Amoureuse de photographie, et de petits plats mijotés au nappage parfait, Florence Vincent qui arpente les plateaux de cinéma depuis longtemps, a trouvé dans le rôle de styliste culinaire le parfait équilibre des saveurs. Rencontre autour d’une profession qui, malgré l’absence d’odeurs et de goûts, arrive à nous donner l’eau à la bouche !
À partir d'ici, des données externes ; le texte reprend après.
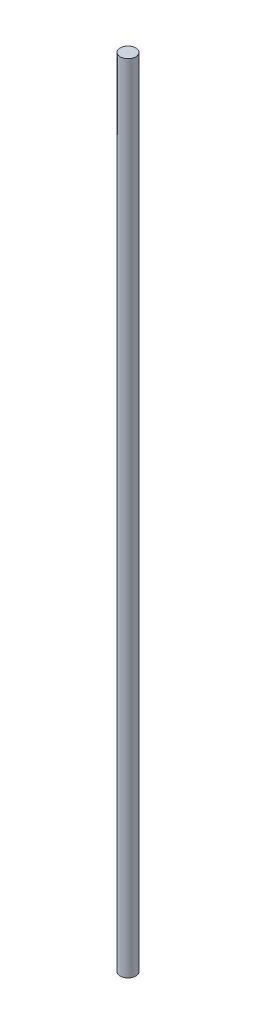
SolidWorks part; units mm, degrees
material "Chrome Stainless Steel"
ref_plane "Front Plane" through (0, 0, 0) normal (0, 0, 1) x (1, 0, 0)
ref_plane "Top Plane" through (0, 0, 0) normal (0, 1, 0) x (1, 0, 0)
ref_plane "Right Plane" through (0, 0, 0) normal (1, 0, 0) x (0, 0, -1)
sketch "Sketch1" plane through (0, 0, 0) normal (0, 1, 0) x (1, 0, 0)
  circle A0 centre (0, 0) radius 4
  dimension "D1" = 8
extrude "Boss-Extrude1" add sketch "Sketch1" along normal blind 410

Est-ce qu’au cinéma on retrouve des procédés similaires à ceux de la publicité pour mettre en valeur les aliments ? Je pense à l'utilisation, par exemple en marketing, de sirop de glucose pour faire briller les aliments ou de savon pour faire mousser la bière, qui permettent de rendre la nourriture plus attractive.
Oui, mais ça dépend des contraintes techniques, des conditions, de l’usage qui sera fait du plat… Par exemple, s’il ne doit pas être touché pendant plusieurs heures ou plusieurs jours, soit il faut le refaire ou en avoir plusieurs versions, soit il faut faire quelque chose qui ne bouge pas trop. Il faut tricher. Donc oui, on triche. Je peux par exemple faire briller des aliments, ne serait-ce qu'avec un pinceau et de l'huile. Ça peut être aussi simple que ça. Et puis parfois, ça peut être des choses beaucoup plus complexes. Mais c'est nos petits secrets, à chacun de nous (rires). Mais parfois, il m'arrive aussi de faire de la vraie nourriture qui doit être mangée et là évidemment les contraintes ne sont pas les mêmes notamment en fonction de la météo. Sur le dernier tournage par exemple, j'avais une scène de petit-déjeuner et j'avais du beurre alors qu’on tournait en plein soleil. Là, évidemment, le beurre il ne tient pas, il fond en deux-deux. Donc il faut vraiment faire quelque chose qui ressemble à du beurre, mais qui n'est pas du beurre et qui ne peut pas fondre au soleil. Il faut être inventif et c’est là la magie de mon métier. C’est une gymnastique !
Quels sont les enjeux ou les contraintes lorsque la nourriture doit être comestible pour les acteur·ices ?
Par exemple, pour The Last Duel de Ridley Scott, avec Jean-Yves Patte qui a le même profil que moi en plus d’être historien d'art, on avait reçu une demande assez claire : c'était vraiment que les aliments, enfin les mets, les plats, soient bons. Notamment parce que les acteurs avaient eu de mauvais souvenirs sur des tournages précédents où ça avait été un peu bâclé.
On a donc fait plein de recherches sur les recettes de l'époque parce que ça devait, évidemment, respecter l'histoire et l'époque tout en étant comestible et bon. Et bien sûr, on s'adapte aux intolérances alimentaires des acteurs, à leur régime particulier, s'ils en ont.
Ça m'est arrivé de faire du faux fromage par exemple.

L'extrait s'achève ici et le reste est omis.